**What you will do:** Restate the full set of records exactly, without adding or dropping a word.

---- Data for processing

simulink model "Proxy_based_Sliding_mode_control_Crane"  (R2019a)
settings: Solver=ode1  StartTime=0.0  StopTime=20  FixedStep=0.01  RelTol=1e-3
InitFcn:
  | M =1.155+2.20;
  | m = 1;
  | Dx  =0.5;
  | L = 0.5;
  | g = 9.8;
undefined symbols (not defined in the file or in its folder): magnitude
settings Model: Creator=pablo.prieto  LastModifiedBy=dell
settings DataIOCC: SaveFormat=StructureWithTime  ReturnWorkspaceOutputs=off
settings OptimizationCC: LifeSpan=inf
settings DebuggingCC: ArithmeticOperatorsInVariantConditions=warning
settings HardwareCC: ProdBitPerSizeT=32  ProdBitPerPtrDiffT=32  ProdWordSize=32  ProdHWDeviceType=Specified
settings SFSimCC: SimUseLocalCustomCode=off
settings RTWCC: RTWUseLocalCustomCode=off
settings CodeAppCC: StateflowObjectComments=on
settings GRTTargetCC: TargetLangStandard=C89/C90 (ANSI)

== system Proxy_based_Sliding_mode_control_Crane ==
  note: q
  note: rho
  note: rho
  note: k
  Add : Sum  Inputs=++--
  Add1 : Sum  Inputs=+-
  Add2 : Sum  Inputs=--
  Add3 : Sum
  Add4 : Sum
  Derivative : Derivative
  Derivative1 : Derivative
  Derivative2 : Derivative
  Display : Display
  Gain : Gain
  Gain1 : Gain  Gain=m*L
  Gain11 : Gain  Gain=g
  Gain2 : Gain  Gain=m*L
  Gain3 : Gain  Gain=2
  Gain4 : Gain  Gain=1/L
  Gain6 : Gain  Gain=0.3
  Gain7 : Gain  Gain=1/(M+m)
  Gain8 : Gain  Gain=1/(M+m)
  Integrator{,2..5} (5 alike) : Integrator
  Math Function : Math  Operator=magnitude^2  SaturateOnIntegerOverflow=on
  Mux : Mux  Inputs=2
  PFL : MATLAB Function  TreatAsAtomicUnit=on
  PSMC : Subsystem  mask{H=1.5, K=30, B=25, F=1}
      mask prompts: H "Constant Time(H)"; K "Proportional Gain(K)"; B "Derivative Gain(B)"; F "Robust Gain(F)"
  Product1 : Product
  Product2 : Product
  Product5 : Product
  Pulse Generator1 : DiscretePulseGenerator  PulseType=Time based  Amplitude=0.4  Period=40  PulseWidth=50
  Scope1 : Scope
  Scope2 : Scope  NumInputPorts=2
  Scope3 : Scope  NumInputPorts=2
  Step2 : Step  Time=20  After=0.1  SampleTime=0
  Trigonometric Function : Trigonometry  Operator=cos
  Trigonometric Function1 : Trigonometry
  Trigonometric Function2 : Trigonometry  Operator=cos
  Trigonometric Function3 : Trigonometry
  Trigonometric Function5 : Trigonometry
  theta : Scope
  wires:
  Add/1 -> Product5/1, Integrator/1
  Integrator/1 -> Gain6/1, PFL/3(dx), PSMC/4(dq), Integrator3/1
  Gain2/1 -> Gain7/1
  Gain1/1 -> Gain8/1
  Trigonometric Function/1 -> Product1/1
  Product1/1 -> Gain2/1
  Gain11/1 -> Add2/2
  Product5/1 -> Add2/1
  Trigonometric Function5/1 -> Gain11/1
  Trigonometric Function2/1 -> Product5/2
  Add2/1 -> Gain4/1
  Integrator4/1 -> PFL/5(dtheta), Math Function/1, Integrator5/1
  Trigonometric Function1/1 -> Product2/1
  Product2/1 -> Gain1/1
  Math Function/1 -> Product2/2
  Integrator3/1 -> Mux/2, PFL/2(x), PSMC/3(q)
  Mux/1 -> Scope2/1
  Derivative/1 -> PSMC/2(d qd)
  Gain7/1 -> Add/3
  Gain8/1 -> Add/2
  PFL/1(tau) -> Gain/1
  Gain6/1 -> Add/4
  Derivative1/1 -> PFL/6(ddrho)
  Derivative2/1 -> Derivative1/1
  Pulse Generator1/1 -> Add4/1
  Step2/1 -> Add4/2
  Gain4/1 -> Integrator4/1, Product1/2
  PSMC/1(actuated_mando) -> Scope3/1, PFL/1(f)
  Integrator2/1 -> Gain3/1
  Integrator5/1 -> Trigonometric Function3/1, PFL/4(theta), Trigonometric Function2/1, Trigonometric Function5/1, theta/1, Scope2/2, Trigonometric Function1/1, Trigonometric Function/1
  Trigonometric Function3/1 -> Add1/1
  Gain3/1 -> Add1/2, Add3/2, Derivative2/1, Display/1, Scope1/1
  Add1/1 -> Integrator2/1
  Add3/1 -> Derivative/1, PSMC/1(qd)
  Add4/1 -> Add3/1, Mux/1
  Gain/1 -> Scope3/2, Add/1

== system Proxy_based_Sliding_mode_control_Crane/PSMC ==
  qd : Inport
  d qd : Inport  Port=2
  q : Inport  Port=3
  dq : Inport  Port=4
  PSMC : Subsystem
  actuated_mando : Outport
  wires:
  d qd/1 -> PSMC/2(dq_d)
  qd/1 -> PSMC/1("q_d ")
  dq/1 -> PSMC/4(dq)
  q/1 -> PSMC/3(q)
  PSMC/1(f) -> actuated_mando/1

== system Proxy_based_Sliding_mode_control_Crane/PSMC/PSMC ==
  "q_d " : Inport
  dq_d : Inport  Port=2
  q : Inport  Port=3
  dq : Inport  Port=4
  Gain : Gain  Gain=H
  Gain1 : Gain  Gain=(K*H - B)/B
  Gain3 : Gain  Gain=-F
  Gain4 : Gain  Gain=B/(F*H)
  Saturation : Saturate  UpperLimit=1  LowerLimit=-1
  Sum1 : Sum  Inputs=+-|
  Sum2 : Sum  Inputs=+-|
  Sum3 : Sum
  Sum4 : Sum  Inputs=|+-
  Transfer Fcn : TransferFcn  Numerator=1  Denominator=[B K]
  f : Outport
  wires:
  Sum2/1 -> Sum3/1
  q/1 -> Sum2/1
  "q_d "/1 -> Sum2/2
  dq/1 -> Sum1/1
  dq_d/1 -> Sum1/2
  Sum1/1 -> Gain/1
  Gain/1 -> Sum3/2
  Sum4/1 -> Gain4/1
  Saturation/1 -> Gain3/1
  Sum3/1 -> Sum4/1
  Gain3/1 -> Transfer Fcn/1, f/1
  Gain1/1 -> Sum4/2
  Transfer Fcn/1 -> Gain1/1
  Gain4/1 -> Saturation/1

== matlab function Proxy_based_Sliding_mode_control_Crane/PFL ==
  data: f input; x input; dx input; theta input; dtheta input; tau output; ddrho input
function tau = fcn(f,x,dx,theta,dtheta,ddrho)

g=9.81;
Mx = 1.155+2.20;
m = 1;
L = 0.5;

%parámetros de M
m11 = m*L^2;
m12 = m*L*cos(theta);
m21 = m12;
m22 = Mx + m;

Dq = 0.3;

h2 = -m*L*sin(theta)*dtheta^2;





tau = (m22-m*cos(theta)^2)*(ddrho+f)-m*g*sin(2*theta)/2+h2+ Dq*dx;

--------

**Exercise response:**
simulink model "Proxy_based_Sliding_mode_control_Crane"  (R2019a)
settings: Solver=ode1  StartTime=0.0  StopTime=20  FixedStep=0.01  RelTol=1e-3
InitFcn:
  | M =1.155+2.20;
  | m = 1;
  | Dx  =0.5;
  | L = 0.5;
  | g = 9.8;
undefined symbols (not defined in the file or in its folder): magnitude
settings Model: Creator=pablo.prieto  LastModifiedBy=dell
settings DataIOCC: SaveFormat=StructureWithTime  ReturnWorkspaceOutputs=off
settings OptimizationCC: LifeSpan=inf
settings DebuggingCC: ArithmeticOperatorsInVariantConditions=warning
settings HardwareCC: ProdBitPerSizeT=32  ProdBitPerPtrDiffT=32  ProdWordSize=32  ProdHWDeviceType=Specified
settings SFSimCC: SimUseLocalCustomCode=off
settings RTWCC: RTWUseLocalCustomCode=off
settings CodeAppCC: StateflowObjectComments=on
settings GRTTargetCC: TargetLangStandard=C89/C90 (ANSI)

== system Proxy_based_Sliding_mode_control_Crane ==
  note: q
  note: rho
  note: rho
  note: k
  Add : Sum  Inputs=++--
  Add1 : Sum  Inputs=+-
  Add2 : Sum  Inputs=--
  Add3 : Sum
  Add4 : Sum
  Derivative : Derivative
  Derivative1 : Derivative
  Derivative2 : Derivative
  Display : Display
  Gain : Gain
  Gain1 : Gain  Gain=m*L
  Gain11 : Gain  Gain=g
  Gain2 : Gain  Gain=m*L
  Gain3 : Gain  Gain=2
  Gain4 : Gain  Gain=1/L
  Gain6 : Gain  Gain=0.3
  Gain7 : Gain  Gain=1/(M+m)
  Gain8 : Gain  Gain=1/(M+m)
  Integrator{,2..5} (5 alike) : Integrator
  Math Function : Math  Operator=magnitude^2  SaturateOnIntegerOverflow=on
  Mux : Mux  Inputs=2
  PFL : MATLAB Function  TreatAsAtomicUnit=on
  PSMC : Subsystem  mask{H=1.5, K=30, B=25, F=1}
      mask prompts: H "Constant Time(H)"; K "Proportional Gain(K)"; B "Derivative Gain(B)"; F "Robust Gain(F)"
  Product1 : Product
  Product2 : Product
  Product5 : Product
  Pulse Generator1 : DiscretePulseGenerator  PulseType=Time based  Amplitude=0.4  Period=40  PulseWidth=50
  Scope1 : Scope
  Scope2 : Scope  NumInputPorts=2
  Scope3 : Scope  NumInputPorts=2
  Step2 : Step  Time=20  After=0.1  SampleTime=0
  Trigonometric Function : Trigonometry  Operator=cos
  Trigonometric Function1 : Trigonometry
  Trigonometric Function2 : Trigonometry  Operator=cos
  Trigonometric Function3 : Trigonometry
  Trigonometric Function5 : Trigonometry
  theta : Scope
  wires:
  Add/1 -> Product5/1, Integrator/1
  Integrator/1 -> Gain6/1, PFL/3(dx), PSMC/4(dq), Integrator3/1
  Gain2/1 -> Gain7/1
  Gain1/1 -> Gain8/1
  Trigonometric Function/1 -> Product1/1
  Product1/1 -> Gain2/1
  Gain11/1 -> Add2/2
  Product5/1 -> Add2/1
  Trigonometric Function5/1 -> Gain11/1
  Trigonometric Function2/1 -> Product5/2
  Add2/1 -> Gain4/1
  Integrator4/1 -> PFL/5(dtheta), Math Function/1, Integrator5/1
  Trigonometric Function1/1 -> Product2/1
  Product2/1 -> Gain1/1
  Math Function/1 -> Product2/2
  Integrator3/1 -> Mux/2, PFL/2(x), PSMC/3(q)
  Mux/1 -> Scope2/1
  Derivative/1 -> PSMC/2(d qd)
  Gain7/1 -> Add/3
  Gain8/1 -> Add/2
  PFL/1(tau) -> Gain/1
  Gain6/1 -> Add/4
  Derivative1/1 -> PFL/6(ddrho)
  Derivative2/1 -> Derivative1/1
  Pulse Generator1/1 -> Add4/1
  Step2/1 -> Add4/2
  Gain4/1 -> Integrator4/1, Product1/2
  PSMC/1(actuated_mando) -> Scope3/1, PFL/1(f)
  Integrator2/1 -> Gain3/1
  Integrator5/1 -> Trigonometric Function3/1, PFL/4(theta), Trigonometric Function2/1, Trigonometric Function5/1, theta/1, Scope2/2, Trigonometric Function1/1, Trigonometric Function/1
  Trigonometric Function3/1 -> Add1/1
  Gain3/1 -> Add1/2, Add3/2, Derivative2/1, Display/1, Scope1/1
  Add1/1 -> Integrator2/1
  Add3/1 -> Derivative/1, PSMC/1(qd)
  Add4/1 -> Add3/1, Mux/1
  Gain/1 -> Scope3/2, Add/1

== system Proxy_based_Sliding_mode_control_Crane/PSMC ==
  qd : Inport
  d qd : Inport  Port=2
  q : Inport  Port=3
  dq : Inport  Port=4
  PSMC : Subsystem
  actuated_mando : Outport
  wires:
  d qd/1 -> PSMC/2(dq_d)
  qd/1 -> PSMC/1("q_d ")
  dq/1 -> PSMC/4(dq)
  q/1 -> PSMC/3(q)
  PSMC/1(f) -> actuated_mando/1

== system Proxy_based_Sliding_mode_control_Crane/PSMC/PSMC ==
  "q_d " : Inport
  dq_d : Inport  Port=2
  q : Inport  Port=3
  dq : Inport  Port=4
  Gain : Gain  Gain=H
  Gain1 : Gain  Gain=(K*H - B)/B
  Gain3 : Gain  Gain=-F
  Gain4 : Gain  Gain=B/(F*H)
  Saturation : Saturate  UpperLimit=1  LowerLimit=-1
  Sum1 : Sum  Inputs=+-|
  Sum2 : Sum  Inputs=+-|
  Sum3 : Sum
  Sum4 : Sum  Inputs=|+-
  Transfer Fcn : TransferFcn  Numerator=1  Denominator=[B K]
  f : Outport
  wires:
  Sum2/1 -> Sum3/1
  q/1 -> Sum2/1
  "q_d "/1 -> Sum2/2
  dq/1 -> Sum1/1
  dq_d/1 -> Sum1/2
  Sum1/1 -> Gain/1
  Gain/1 -> Sum3/2
  Sum4/1 -> Gain4/1
  Saturation/1 -> Gain3/1
  Sum3/1 -> Sum4/1
  Gain3/1 -> Transfer Fcn/1, f/1
  Gain1/1 -> Sum4/2
  Transfer Fcn/1 -> Gain1/1
  Gain4/1 -> Saturation/1

== matlab function Proxy_based_Sliding_mode_control_Crane/PFL ==
  data: f input; x input; dx input; theta input; dtheta input; tau output; ddrho input
function tau = fcn(f,x,dx,theta,dtheta,ddrho)

g=9.81;
Mx = 1.155+2.20;
m = 1;
L = 0.5;

%parámetros de M
m11 = m*L^2;
m12 = m*L*cos(theta);
m21 = m12;
m22 = Mx + m;

Dq = 0.3;

h2 = -m*L*sin(theta)*dtheta^2;





tau = (m22-m*cos(theta)^2)*(ddrho+f)-m*g*sin(2*theta)/2+h2+ Dq*dx;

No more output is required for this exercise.